━━━━━ AVAILABLE DATA ━━━━━

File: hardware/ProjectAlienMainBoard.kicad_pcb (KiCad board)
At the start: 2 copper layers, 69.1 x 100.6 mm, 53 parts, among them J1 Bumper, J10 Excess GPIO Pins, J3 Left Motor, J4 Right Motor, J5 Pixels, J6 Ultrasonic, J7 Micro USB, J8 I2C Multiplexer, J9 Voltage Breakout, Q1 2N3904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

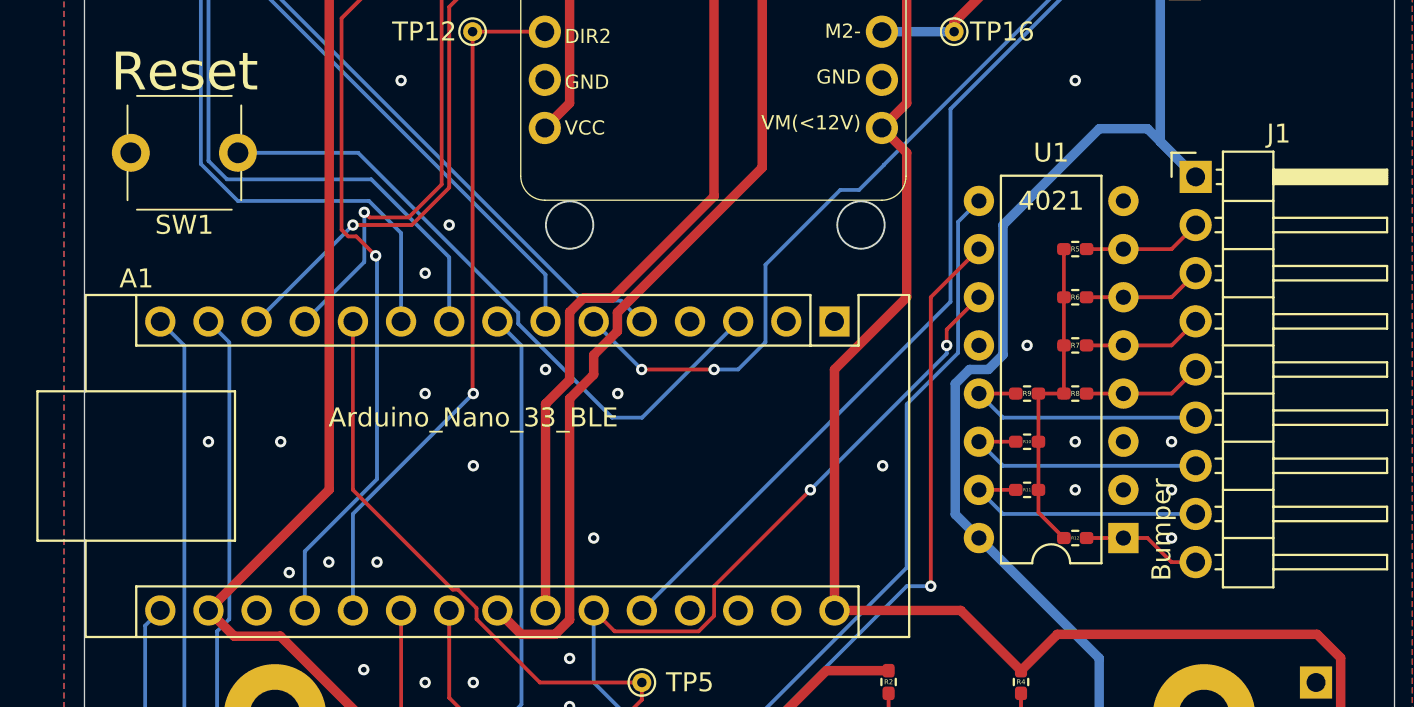
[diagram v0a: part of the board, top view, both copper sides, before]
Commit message: Tweaked silkscreen
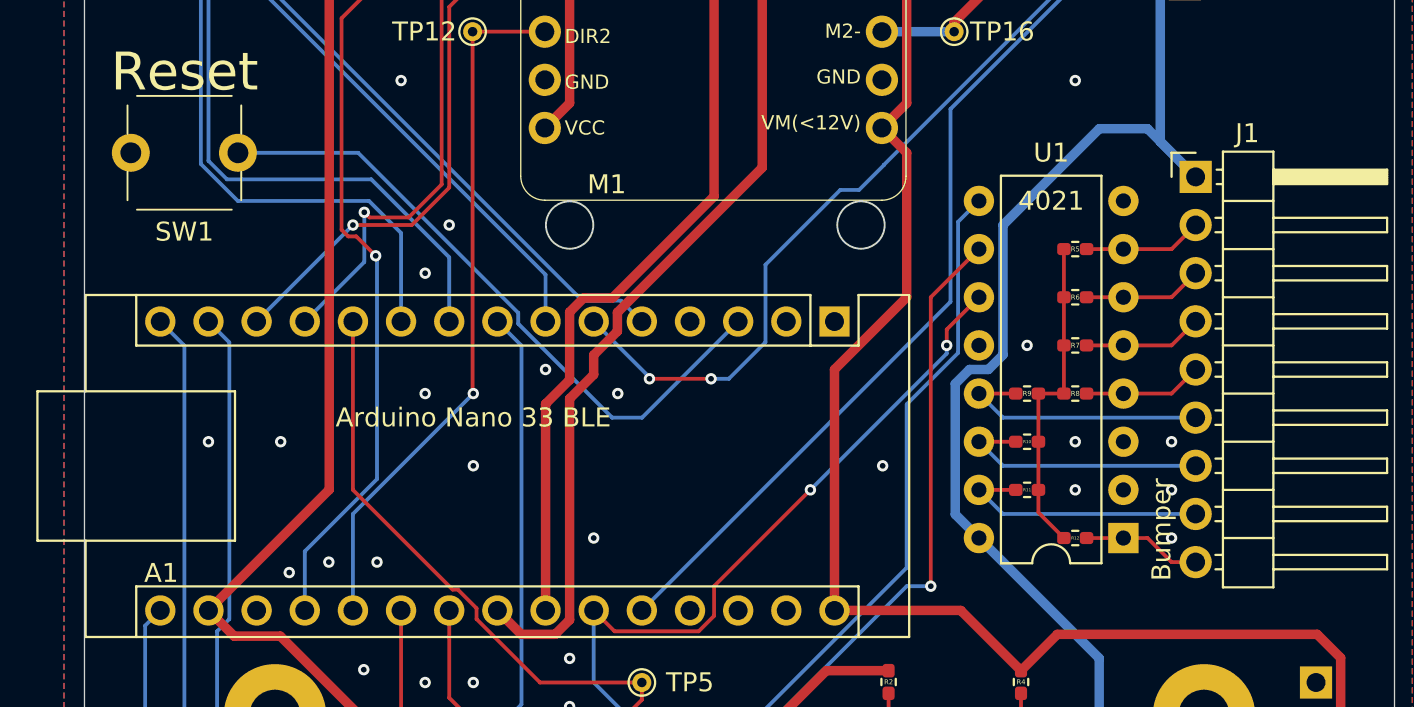
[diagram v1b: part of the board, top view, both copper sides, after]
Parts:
- A1: value Arduino_Nano_33_BLE -> Arduino Nano 33 BLE

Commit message: Generated gerber version 1
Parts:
- moved J7 0.59 mm to (153.7, 148.0)
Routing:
- net +3.3V: track 252.6 -> 251.1 mm
- net PWM2: track 28.2 -> 29.0 mm
- net SHIFT_REG_CLOCK: track 61.0 -> 60.2 mm
- net PWM1: track 29.7 -> 30.3 mm
- net M1+: track 43.4 -> 44.1 mm
- net NES_DATA: track 33.8 -> 34.4 mm
- net ENC2B: track 49.3 -> 49.9 mm
- net GND: vias 29 -> 24

━━━━━

EXERCISE GOAL ▸ Could you set down the data exactly as given, minus its pictures?

EXERCISE ANSWER ▸
File: hardware/ProjectAlienMainBoard.kicad_pcb (KiCad board)
At the start: 2 copper layers, 69.1 x 100.6 mm, 53 parts, among them J1 Bumper, J10 Excess GPIO Pins, J3 Left Motor, J4 Right Motor, J5 Pixels, J6 Ultrasonic, J7 Micro USB, J8 I2C Multiplexer, J9 Voltage Breakout, Q1 2N3904

[diagram v0a: part of the board, top view, both copper sides, before]
Commit message: Tweaked silkscreen
[diagram v1b: part of the board, top view, both copper sides, after]
Parts:
- A1: value Arduino_Nano_33_BLE -> Arduino Nano 33 BLE

Commit message: Generated gerber version 1
Parts:
- moved J7 0.59 mm to (153.7, 148.0)
Routing:
- net +3.3V: track 252.6 -> 251.1 mm
- net PWM2: track 28.2 -> 29.0 mm
- net SHIFT_REG_CLOCK: track 61.0 -> 60.2 mm
- net PWM1: track 29.7 -> 30.3 mm
- net M1+: track 43.4 -> 44.1 mm
- net NES_DATA: track 33.8 -> 34.4 mm
- net ENC2B: track 49.3 -> 49.9 mm
- net GND: vias 29 -> 24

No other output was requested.